- EXERCISE BRIEF
Nothing but the lines from the start of the entries through the line containing "undefined symbols (not" should appear in the answer, each given exactly.

Dataset records
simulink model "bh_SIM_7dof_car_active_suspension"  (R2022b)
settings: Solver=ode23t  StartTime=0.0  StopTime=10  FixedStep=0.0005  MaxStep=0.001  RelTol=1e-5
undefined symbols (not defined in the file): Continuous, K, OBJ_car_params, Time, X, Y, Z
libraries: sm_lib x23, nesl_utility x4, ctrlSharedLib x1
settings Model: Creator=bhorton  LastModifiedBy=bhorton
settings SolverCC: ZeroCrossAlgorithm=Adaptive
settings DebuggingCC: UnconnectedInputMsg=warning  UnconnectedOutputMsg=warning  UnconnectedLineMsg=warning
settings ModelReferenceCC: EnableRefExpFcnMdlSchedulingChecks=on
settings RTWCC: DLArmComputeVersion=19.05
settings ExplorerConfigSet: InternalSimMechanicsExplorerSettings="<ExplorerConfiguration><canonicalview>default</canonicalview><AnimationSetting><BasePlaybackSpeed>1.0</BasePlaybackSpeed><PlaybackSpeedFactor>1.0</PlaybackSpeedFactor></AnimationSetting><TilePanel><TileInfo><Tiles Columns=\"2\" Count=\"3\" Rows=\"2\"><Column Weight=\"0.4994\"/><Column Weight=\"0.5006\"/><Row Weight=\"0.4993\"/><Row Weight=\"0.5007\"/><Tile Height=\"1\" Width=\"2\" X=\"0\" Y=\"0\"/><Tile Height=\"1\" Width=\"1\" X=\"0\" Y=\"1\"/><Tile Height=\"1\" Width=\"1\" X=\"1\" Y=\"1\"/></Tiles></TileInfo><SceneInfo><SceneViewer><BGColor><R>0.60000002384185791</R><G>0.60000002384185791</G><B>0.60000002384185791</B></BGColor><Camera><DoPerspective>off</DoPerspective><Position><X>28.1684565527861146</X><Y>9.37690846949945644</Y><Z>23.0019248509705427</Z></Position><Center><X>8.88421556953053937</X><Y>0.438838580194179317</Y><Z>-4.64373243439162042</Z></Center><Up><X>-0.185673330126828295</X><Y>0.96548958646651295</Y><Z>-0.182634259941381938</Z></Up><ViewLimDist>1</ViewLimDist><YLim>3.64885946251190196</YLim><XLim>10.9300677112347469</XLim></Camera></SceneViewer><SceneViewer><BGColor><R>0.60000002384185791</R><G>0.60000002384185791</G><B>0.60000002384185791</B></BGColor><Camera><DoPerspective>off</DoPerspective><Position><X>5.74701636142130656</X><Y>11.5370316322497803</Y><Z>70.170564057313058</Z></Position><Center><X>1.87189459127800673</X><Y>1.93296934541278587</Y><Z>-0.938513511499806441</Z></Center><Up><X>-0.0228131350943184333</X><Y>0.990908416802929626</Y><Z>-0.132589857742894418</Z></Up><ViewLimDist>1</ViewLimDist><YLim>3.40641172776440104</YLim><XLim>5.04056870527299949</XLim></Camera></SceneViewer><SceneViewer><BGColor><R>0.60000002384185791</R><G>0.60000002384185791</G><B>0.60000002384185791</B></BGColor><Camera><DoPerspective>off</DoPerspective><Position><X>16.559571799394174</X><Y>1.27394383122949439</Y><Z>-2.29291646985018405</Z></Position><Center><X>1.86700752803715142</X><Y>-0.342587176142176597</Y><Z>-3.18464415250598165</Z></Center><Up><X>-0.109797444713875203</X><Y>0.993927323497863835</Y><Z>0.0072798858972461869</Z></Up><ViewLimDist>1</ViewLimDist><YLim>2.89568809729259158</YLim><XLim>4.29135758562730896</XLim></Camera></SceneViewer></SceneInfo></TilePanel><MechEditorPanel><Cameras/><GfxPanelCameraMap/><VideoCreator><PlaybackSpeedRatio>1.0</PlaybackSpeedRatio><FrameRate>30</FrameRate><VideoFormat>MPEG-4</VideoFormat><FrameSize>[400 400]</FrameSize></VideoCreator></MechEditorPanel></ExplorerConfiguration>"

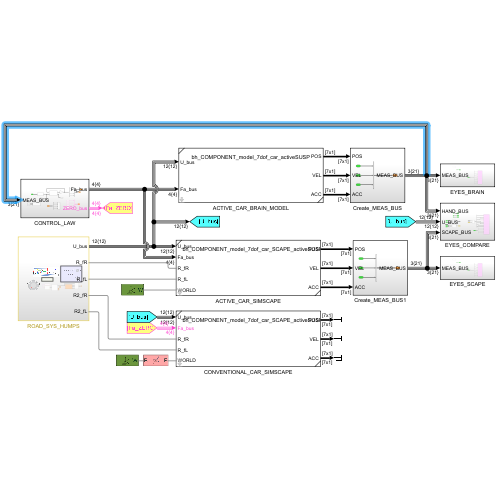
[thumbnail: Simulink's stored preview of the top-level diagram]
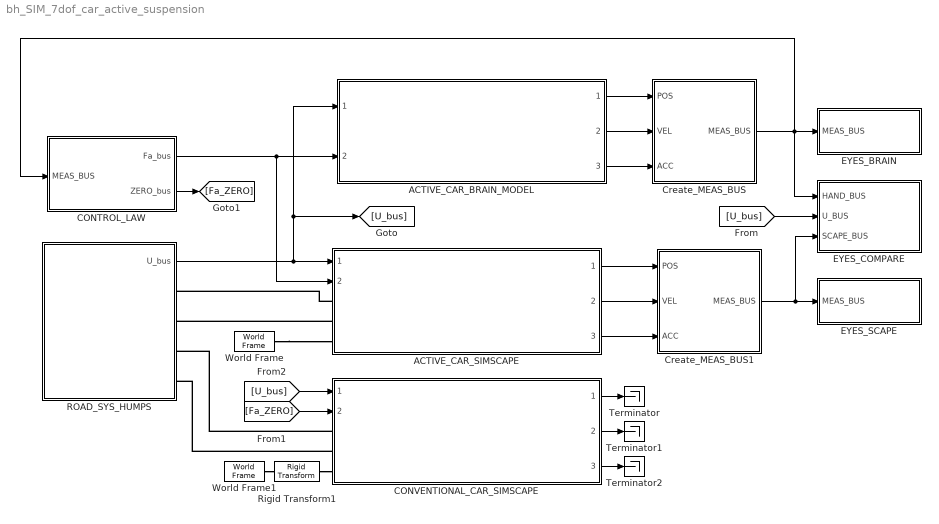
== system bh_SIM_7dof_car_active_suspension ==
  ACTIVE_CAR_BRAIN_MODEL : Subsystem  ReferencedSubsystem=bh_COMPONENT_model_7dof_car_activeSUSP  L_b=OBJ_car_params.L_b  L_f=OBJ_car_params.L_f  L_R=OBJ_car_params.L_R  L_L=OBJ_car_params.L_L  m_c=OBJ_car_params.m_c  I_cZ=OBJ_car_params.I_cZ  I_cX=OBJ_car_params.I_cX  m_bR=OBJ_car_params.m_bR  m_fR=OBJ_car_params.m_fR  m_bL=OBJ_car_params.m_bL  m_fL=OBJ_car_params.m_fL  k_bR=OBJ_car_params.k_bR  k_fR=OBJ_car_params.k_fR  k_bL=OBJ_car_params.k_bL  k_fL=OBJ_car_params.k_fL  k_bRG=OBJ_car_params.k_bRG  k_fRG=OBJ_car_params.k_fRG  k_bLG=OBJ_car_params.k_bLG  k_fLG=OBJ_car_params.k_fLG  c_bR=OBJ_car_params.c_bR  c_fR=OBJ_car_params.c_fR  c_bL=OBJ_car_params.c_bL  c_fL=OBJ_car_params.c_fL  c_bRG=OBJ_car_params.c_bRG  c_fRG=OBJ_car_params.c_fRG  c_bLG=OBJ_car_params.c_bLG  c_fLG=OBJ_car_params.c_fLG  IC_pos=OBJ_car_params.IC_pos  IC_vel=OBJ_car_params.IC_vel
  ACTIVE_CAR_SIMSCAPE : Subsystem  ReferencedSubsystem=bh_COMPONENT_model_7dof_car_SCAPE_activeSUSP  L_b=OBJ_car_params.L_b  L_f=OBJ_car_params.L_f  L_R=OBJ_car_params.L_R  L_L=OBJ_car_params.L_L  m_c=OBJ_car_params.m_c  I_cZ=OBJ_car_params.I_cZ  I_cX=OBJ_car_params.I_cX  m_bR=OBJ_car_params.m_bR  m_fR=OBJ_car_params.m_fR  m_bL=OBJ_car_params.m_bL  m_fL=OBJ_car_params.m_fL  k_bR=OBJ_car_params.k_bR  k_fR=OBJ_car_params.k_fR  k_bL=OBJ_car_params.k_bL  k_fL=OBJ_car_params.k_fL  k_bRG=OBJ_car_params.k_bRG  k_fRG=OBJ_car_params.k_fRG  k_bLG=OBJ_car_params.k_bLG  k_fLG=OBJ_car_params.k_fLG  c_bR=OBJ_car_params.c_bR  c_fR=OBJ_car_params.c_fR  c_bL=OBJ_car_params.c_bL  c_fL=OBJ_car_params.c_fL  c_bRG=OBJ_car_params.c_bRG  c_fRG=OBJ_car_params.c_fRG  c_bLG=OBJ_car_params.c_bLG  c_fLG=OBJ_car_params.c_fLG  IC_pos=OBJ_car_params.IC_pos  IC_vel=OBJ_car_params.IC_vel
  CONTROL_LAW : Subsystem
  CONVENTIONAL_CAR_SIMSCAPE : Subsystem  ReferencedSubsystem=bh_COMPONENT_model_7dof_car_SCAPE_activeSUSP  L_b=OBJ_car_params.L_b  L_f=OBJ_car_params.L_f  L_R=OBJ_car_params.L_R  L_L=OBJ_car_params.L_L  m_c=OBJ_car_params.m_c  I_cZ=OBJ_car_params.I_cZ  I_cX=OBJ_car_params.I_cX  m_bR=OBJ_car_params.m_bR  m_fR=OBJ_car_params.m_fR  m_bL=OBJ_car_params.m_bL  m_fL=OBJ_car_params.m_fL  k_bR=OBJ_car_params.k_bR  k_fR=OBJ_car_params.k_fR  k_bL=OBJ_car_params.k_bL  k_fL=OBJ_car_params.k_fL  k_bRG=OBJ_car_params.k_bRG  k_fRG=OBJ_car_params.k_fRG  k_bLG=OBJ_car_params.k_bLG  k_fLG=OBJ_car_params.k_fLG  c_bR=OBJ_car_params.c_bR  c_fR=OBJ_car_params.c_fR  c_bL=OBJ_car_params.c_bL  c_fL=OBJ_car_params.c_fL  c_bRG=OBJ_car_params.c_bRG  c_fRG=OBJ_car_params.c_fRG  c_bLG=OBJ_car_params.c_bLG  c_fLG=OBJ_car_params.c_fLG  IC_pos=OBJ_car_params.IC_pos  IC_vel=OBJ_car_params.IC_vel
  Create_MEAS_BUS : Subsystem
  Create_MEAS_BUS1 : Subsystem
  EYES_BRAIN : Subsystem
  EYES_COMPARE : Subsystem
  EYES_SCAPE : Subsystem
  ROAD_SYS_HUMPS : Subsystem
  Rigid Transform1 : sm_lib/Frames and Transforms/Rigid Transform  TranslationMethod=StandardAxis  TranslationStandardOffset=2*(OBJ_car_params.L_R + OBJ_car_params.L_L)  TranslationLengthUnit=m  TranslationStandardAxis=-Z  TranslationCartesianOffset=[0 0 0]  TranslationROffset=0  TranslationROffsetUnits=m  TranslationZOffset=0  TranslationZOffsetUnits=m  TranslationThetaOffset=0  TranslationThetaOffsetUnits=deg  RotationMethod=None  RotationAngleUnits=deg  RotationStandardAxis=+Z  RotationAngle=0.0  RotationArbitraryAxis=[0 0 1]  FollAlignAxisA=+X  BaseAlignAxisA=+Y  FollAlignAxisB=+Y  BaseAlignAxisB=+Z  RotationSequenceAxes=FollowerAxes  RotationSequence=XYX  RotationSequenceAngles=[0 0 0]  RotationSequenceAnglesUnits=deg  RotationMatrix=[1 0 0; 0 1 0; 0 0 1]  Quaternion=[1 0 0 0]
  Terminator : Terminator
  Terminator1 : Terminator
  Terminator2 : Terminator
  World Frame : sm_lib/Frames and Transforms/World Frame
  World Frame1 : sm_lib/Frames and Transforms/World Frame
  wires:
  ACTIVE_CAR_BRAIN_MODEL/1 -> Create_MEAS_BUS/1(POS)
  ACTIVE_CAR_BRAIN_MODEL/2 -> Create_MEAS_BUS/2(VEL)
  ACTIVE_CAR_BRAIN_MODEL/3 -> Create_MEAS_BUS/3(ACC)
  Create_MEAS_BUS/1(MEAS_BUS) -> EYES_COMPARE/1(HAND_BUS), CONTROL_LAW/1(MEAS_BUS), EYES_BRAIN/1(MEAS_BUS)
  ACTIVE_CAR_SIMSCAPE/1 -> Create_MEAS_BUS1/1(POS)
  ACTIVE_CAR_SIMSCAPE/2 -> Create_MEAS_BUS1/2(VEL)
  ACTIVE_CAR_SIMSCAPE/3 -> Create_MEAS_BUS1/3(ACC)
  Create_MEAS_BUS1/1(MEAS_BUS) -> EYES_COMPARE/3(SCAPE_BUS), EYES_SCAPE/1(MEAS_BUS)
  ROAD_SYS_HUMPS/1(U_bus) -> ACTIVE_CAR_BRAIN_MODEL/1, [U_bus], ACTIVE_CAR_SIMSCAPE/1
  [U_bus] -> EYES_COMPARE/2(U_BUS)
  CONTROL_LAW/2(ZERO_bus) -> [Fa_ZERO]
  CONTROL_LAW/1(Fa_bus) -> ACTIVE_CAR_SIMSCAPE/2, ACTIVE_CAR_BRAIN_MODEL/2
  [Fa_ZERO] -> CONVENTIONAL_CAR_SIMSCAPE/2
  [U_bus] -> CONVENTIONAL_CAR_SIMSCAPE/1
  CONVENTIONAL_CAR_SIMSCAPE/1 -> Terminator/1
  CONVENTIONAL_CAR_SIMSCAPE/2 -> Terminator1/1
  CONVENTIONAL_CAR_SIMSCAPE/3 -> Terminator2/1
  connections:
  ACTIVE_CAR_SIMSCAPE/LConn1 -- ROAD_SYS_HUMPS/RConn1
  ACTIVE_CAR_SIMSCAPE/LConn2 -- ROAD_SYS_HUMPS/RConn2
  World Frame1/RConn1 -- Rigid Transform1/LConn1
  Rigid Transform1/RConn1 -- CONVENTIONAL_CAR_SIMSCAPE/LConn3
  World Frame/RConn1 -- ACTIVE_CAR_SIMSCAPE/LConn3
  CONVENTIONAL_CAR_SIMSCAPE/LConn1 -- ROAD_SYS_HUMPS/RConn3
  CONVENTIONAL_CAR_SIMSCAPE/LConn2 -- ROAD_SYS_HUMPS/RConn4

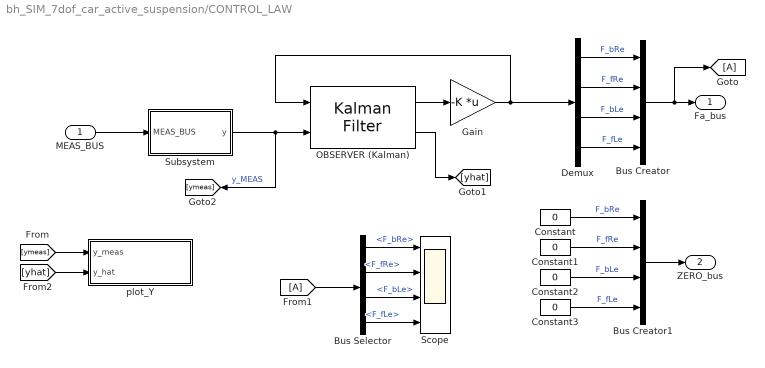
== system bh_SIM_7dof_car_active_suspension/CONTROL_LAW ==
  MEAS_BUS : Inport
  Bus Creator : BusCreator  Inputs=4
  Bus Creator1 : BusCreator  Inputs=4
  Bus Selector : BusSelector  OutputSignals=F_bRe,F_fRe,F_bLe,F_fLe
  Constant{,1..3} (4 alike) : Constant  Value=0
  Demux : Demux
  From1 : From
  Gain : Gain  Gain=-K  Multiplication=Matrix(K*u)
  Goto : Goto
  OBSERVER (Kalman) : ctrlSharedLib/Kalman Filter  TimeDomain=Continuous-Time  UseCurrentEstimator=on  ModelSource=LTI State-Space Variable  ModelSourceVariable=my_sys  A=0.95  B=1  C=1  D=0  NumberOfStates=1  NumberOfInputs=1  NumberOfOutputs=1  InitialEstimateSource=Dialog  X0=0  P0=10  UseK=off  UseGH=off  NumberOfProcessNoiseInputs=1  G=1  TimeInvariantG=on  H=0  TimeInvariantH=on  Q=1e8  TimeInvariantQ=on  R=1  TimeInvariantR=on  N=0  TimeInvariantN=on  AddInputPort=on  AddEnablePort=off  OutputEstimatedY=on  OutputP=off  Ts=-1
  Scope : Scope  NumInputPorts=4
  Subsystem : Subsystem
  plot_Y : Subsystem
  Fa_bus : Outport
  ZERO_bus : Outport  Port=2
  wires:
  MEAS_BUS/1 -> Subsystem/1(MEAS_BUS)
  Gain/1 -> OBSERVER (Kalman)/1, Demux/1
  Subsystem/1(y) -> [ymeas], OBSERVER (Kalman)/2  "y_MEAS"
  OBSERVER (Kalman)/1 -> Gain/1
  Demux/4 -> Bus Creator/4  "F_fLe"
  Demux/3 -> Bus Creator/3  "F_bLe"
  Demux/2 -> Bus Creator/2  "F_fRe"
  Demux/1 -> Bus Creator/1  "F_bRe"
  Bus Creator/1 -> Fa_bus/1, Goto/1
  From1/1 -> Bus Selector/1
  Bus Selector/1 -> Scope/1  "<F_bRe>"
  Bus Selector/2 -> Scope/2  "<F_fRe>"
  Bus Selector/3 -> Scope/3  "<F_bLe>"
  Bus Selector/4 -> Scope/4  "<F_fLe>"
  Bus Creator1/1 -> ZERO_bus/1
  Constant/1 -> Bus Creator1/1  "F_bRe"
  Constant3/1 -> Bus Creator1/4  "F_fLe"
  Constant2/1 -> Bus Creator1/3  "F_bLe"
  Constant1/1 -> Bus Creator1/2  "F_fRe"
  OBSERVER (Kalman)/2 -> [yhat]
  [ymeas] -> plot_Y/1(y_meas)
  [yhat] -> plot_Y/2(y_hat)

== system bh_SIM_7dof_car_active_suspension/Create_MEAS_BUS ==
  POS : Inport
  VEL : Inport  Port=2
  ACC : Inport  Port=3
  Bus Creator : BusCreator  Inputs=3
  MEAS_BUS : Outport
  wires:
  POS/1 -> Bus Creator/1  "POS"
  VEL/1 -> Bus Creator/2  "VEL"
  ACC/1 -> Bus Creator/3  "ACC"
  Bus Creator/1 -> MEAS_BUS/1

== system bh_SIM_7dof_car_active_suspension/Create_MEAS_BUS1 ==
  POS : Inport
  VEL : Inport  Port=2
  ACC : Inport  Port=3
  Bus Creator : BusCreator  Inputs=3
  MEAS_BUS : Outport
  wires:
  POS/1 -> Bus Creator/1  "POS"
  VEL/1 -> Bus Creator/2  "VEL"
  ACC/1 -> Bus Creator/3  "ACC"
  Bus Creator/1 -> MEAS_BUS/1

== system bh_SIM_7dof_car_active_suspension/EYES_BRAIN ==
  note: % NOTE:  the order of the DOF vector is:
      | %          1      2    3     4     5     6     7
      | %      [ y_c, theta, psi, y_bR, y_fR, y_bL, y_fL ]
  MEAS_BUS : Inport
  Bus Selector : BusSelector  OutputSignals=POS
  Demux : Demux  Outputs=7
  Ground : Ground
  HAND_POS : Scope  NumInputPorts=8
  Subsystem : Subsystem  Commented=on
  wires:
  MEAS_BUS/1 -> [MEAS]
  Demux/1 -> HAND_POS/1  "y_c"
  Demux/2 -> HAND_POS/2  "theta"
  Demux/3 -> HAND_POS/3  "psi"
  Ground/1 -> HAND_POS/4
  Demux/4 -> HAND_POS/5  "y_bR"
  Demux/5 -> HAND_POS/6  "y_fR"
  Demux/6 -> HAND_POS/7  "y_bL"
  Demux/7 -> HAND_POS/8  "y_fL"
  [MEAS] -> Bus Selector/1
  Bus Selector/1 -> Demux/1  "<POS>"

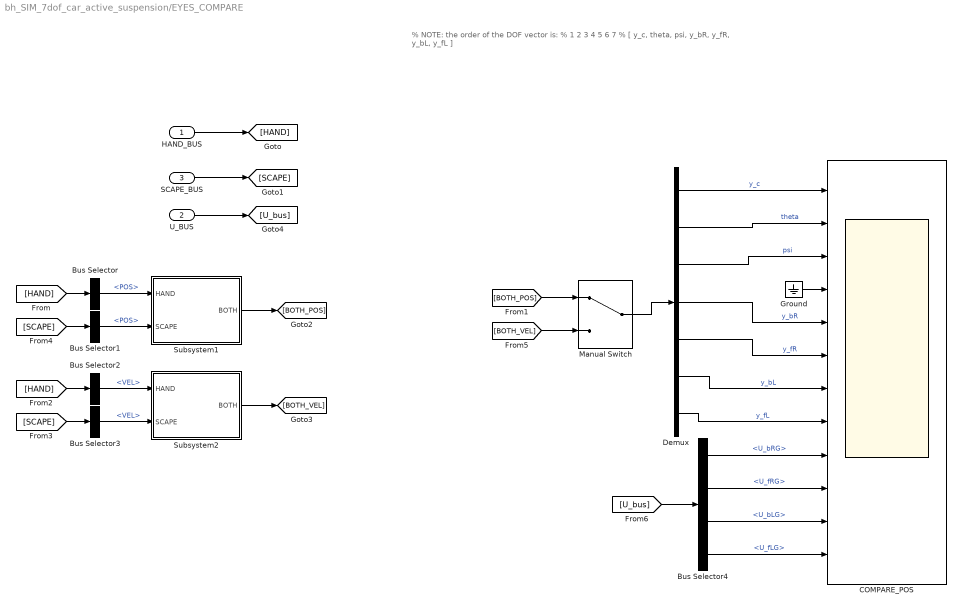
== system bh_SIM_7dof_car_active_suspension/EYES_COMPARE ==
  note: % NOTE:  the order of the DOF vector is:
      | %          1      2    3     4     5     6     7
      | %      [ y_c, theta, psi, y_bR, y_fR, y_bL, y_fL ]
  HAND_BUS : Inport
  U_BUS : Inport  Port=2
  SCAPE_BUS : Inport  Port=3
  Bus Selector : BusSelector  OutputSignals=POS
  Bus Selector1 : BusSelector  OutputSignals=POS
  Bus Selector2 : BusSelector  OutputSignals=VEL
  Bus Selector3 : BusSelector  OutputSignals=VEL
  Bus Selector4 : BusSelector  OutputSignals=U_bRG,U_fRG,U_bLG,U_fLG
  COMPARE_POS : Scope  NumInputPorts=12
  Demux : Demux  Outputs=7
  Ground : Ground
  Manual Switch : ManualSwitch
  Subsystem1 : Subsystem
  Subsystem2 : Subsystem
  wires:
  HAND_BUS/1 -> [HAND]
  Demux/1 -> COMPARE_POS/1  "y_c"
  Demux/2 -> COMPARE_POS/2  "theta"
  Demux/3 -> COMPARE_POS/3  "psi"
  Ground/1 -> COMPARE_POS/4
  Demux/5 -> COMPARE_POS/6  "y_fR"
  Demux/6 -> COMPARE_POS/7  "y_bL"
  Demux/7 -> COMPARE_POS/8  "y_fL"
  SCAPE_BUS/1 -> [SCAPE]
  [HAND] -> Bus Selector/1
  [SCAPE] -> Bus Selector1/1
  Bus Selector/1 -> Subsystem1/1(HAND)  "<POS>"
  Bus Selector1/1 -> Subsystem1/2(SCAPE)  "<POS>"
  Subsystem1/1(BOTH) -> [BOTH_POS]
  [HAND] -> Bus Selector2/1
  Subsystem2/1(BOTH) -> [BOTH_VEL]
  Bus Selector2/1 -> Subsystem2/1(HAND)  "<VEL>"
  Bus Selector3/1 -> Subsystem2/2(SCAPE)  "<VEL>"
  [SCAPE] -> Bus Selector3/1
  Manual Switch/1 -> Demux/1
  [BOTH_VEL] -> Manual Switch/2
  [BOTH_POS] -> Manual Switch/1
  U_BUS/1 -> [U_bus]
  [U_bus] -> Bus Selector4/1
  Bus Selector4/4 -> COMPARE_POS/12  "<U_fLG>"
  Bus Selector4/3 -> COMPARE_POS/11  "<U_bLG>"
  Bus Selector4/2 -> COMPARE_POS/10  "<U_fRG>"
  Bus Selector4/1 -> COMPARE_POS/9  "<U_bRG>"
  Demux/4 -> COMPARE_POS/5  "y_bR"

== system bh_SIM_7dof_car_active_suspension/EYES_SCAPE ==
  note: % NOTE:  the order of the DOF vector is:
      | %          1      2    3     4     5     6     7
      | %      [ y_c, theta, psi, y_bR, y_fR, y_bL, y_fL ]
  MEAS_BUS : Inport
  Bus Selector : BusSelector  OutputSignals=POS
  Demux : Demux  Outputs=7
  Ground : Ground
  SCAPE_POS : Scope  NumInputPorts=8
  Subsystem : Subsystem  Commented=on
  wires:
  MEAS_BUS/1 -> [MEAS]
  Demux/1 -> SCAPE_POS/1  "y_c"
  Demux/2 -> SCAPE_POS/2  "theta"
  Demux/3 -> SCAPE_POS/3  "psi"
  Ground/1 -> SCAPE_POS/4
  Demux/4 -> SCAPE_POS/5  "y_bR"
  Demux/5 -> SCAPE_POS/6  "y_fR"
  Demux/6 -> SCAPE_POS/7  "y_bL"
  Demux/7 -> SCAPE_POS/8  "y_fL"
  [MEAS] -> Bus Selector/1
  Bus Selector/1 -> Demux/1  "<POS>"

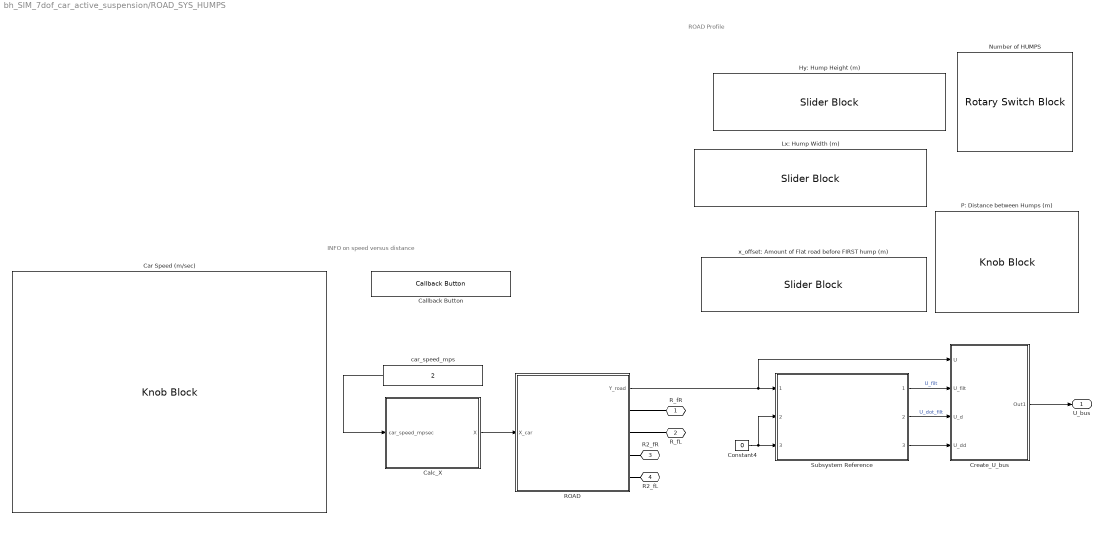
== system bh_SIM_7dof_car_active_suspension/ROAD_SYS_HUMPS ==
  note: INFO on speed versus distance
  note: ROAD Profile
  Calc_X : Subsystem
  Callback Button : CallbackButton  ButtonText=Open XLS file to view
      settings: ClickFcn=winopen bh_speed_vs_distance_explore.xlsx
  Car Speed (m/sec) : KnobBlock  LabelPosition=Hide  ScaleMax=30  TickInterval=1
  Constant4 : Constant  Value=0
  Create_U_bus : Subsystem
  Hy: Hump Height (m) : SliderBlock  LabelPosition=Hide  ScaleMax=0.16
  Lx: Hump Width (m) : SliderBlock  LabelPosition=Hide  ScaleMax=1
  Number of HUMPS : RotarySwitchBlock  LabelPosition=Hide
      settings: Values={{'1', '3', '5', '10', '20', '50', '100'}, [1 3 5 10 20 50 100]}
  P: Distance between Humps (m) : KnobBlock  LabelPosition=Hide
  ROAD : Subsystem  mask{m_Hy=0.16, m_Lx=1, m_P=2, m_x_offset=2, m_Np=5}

- EXERCISE OUTPUT
simulink model "bh_SIM_7dof_car_active_suspension"  (R2022b)
settings: Solver=ode23t  StartTime=0.0  StopTime=10  FixedStep=0.0005  MaxStep=0.001  RelTol=1e-5
undefined symbols (not defined in the file): Continuous, K, OBJ_car_params, Time, X, Y, Z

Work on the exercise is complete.